The king declared a state of emergency and sent the army onto the streets. The country was largely cut off from the outside world, as mobile phone networks were closed and landlines and internet connections were cut. The airport was closed for several hours, prompting fears of a repeat of 2001 when thousands of tourists were stranded in Kathmandu amid riots after most of the royal family was massacred.
Nervous citizens formed long queues at grocery stores and petrol stations in Kathmandu yesterday, fearing the worst and stocking up. The king announced he was unilaterally suspending several provisions of the Nepalese constitution that guarantee basic human rights, including freedom of speech and expression, the freedom of the press, privacy, the right to assemble peacefully, and freedom from unjustified arrest.
Sounding severely rattled, Nepal's powerful neighbour India, which has been a close ally of the king's, issued an unusually critical reaction, accusing King Gyanendra of undermining democracy.
Nepal only opened up the outside world 50 years ago. But now it seems to be lurching from one crisis to another. This is the second time the present king has dismissed the entire government and tried to take power back into his own hands in just three years.
King Gyanendra only came to power after his brother, the then King Birendra, and almost all of the royal family were killed, apparently after the crown prince, Dipendra, went on a shooting spree through the royal palace.
Huge areas of the countryside are already under the control of the Maoists, who want to replace the monarchy with a Communist government. The tourism industry, vital to Nepal's struggling economy, is in severe decline because of the insurgency.
King Gyanendra claimed on state television, that he had dismissed the government because it had failed to secure peace with the Maoists or hold elections. "A new cabinet will be formed under my leadership," he said. "This will restore peace and effective democracy in this country within the next three years."

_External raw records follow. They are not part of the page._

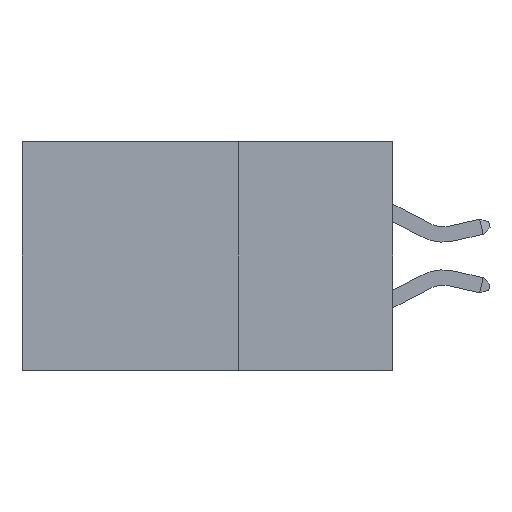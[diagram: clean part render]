
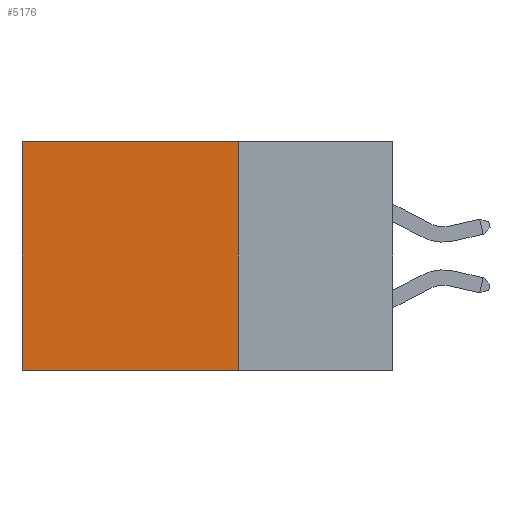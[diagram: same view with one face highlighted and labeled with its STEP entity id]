
A CAD part, left-side view. The second image highlights one B-rep face of the part: STEP entity #5176.
In plain terms, the highlighted planar face has unit normal (-1, 0, 0).
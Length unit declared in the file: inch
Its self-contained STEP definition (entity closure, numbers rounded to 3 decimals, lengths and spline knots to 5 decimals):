
#301 = EDGE_CURVE ( 'NONE', #8681, #10675, #14403, .T. ) ;
#1157 = VECTOR ( 'NONE', #1933, 39.37008 ) ;
#1363 = PLANE ( 'NONE',  #6892 ) ;
#1933 = DIRECTION ( 'NONE',  ( 0., 0., -1. ) ) ;
#2207 = LINE ( 'NONE', #6604, #10632 ) ;
#3016 = CARTESIAN_POINT ( 'NONE',  ( 0.2875, 0.25, 0. ) ) ;
#3617 = DIRECTION ( 'NONE',  ( 0., 0., -1. ) ) ;
#5004 = CARTESIAN_POINT ( 'NONE',  ( 0.2875, 0.6, 0. ) ) ;
#5176 = ADVANCED_FACE ( 'NONE', ( #11583 ), #1363, .F. ) ;
#5619 = VECTOR ( 'NONE', #7260, 39.37008 ) ;
#5851 = ORIENTED_EDGE ( 'NONE', *, *, #8145, .T. ) ;
#6604 = CARTESIAN_POINT ( 'NONE',  ( 0.2875, 0.25, -0.37 ) ) ;
#6892 = AXIS2_PLACEMENT_3D ( 'NONE', #10528, #13902, #9194 ) ;
#7260 = DIRECTION ( 'NONE',  ( 0., 1., 0. ) ) ;
#8145 = EDGE_CURVE ( 'NONE', #10002, #8681, #12109, .T. ) ;
#8579 = CARTESIAN_POINT ( 'NONE',  ( 0.2875, 0.6, 0. ) ) ;
#8680 = CARTESIAN_POINT ( 'NONE',  ( 0.2875, 0.6, -0.37 ) ) ;
#8681 = VERTEX_POINT ( 'NONE', #5004 ) ;
#9154 = EDGE_CURVE ( 'NONE', #11128, #10675, #2207, .T. ) ;
#9194 = DIRECTION ( 'NONE',  ( 0., 0., -1. ) ) ;
#9447 = VECTOR ( 'NONE', #3617, 39.37008 ) ;
#10002 = VERTEX_POINT ( 'NONE', #3016 ) ;
#10383 = EDGE_LOOP ( 'NONE', ( #10561, #11553, #11954, #5851 ) ) ;
#10406 = LINE ( 'NONE', #13851, #9447 ) ;
#10528 = CARTESIAN_POINT ( 'NONE',  ( 0.2875, 0.25, 0. ) ) ;
#10561 = ORIENTED_EDGE ( 'NONE', *, *, #301, .T. ) ;
#10632 = VECTOR ( 'NONE', #11096, 39.37008 ) ;
#10675 = VERTEX_POINT ( 'NONE', #8680 ) ;
#11096 = DIRECTION ( 'NONE',  ( 0., 1., 0. ) ) ;
#11128 = VERTEX_POINT ( 'NONE', #11737 ) ;
#11553 = ORIENTED_EDGE ( 'NONE', *, *, #9154, .F. ) ;
#11583 = FACE_OUTER_BOUND ( 'NONE', #10383, .T. ) ;
#11737 = CARTESIAN_POINT ( 'NONE',  ( 0.2875, 0.25, -0.37 ) ) ;
#11954 = ORIENTED_EDGE ( 'NONE', *, *, #12213, .F. ) ;
#12109 = LINE ( 'NONE', #12179, #5619 ) ;
#12179 = CARTESIAN_POINT ( 'NONE',  ( 0.2875, 0.25, 0. ) ) ;
#12213 = EDGE_CURVE ( 'NONE', #10002, #11128, #10406, .T. ) ;
#13851 = CARTESIAN_POINT ( 'NONE',  ( 0.2875, 0.25, 0. ) ) ;
#13902 = DIRECTION ( 'NONE',  ( 1., 0., 0. ) ) ;
#14403 = LINE ( 'NONE', #8579, #1157 ) ;

But defender of democracy is an unlikely role for King Gyanendra. He is a known opponent of democratic reforms, and many saw his move as an attempt to take back absolute power. Democracy was reintroduced in 1990 under King Birendra after an earlier abortive attempt in 1959.
Until King Birendra, bowing to popular demand, agreed to become a constitutional monarch, Nepal's kings had absolute power. King Gyanendra was said to be one of the strongest dissenters in the palace to his brother's reforms.
His time came in 2001, when King Birendra and almost the entire royal family were wiped out, apparently by the crown prince. Since then, critics say King Gyanendra has been trying to take back power. In 2002 he dismissed the government of Prime Minister Sher Bahadur Deuba, but he was forced to reappoint Mr Deuba last year after popular protests.
Yesterday Mr Deuba was under house arrest. "We will oppose this step," he told reporters. "The move directly violates the constitution and is against democracy."
His comments were echoed by India, which has been a vital ally for King Gyanendra against the Maoists. "These developments constitute a serious setback to the cause of democracy in Nepal and cannot but be a cause of grave concern to India," the Indian foreign ministry said.
King Gyanendra cannot afford to ignore this message. Facing its own Maoist insurgency in several states, India has backed the Nepalese government, but yesterday's statement showed its patience is wearing thin. Until the royal massacre of 2001, the monarchy was popular in Nepal, not least because the Hindu majority believe them to be incarnations of the god Vishnu.
But the popularity of the monarchy has plummeted since 2001. The dour King Gyanendra has never been as well liked as his brother, and rumours have persisted that he somehow engineered the massacre to take power, not least because he and his deeply unpopular son, Paras Shah, were among very few survivors.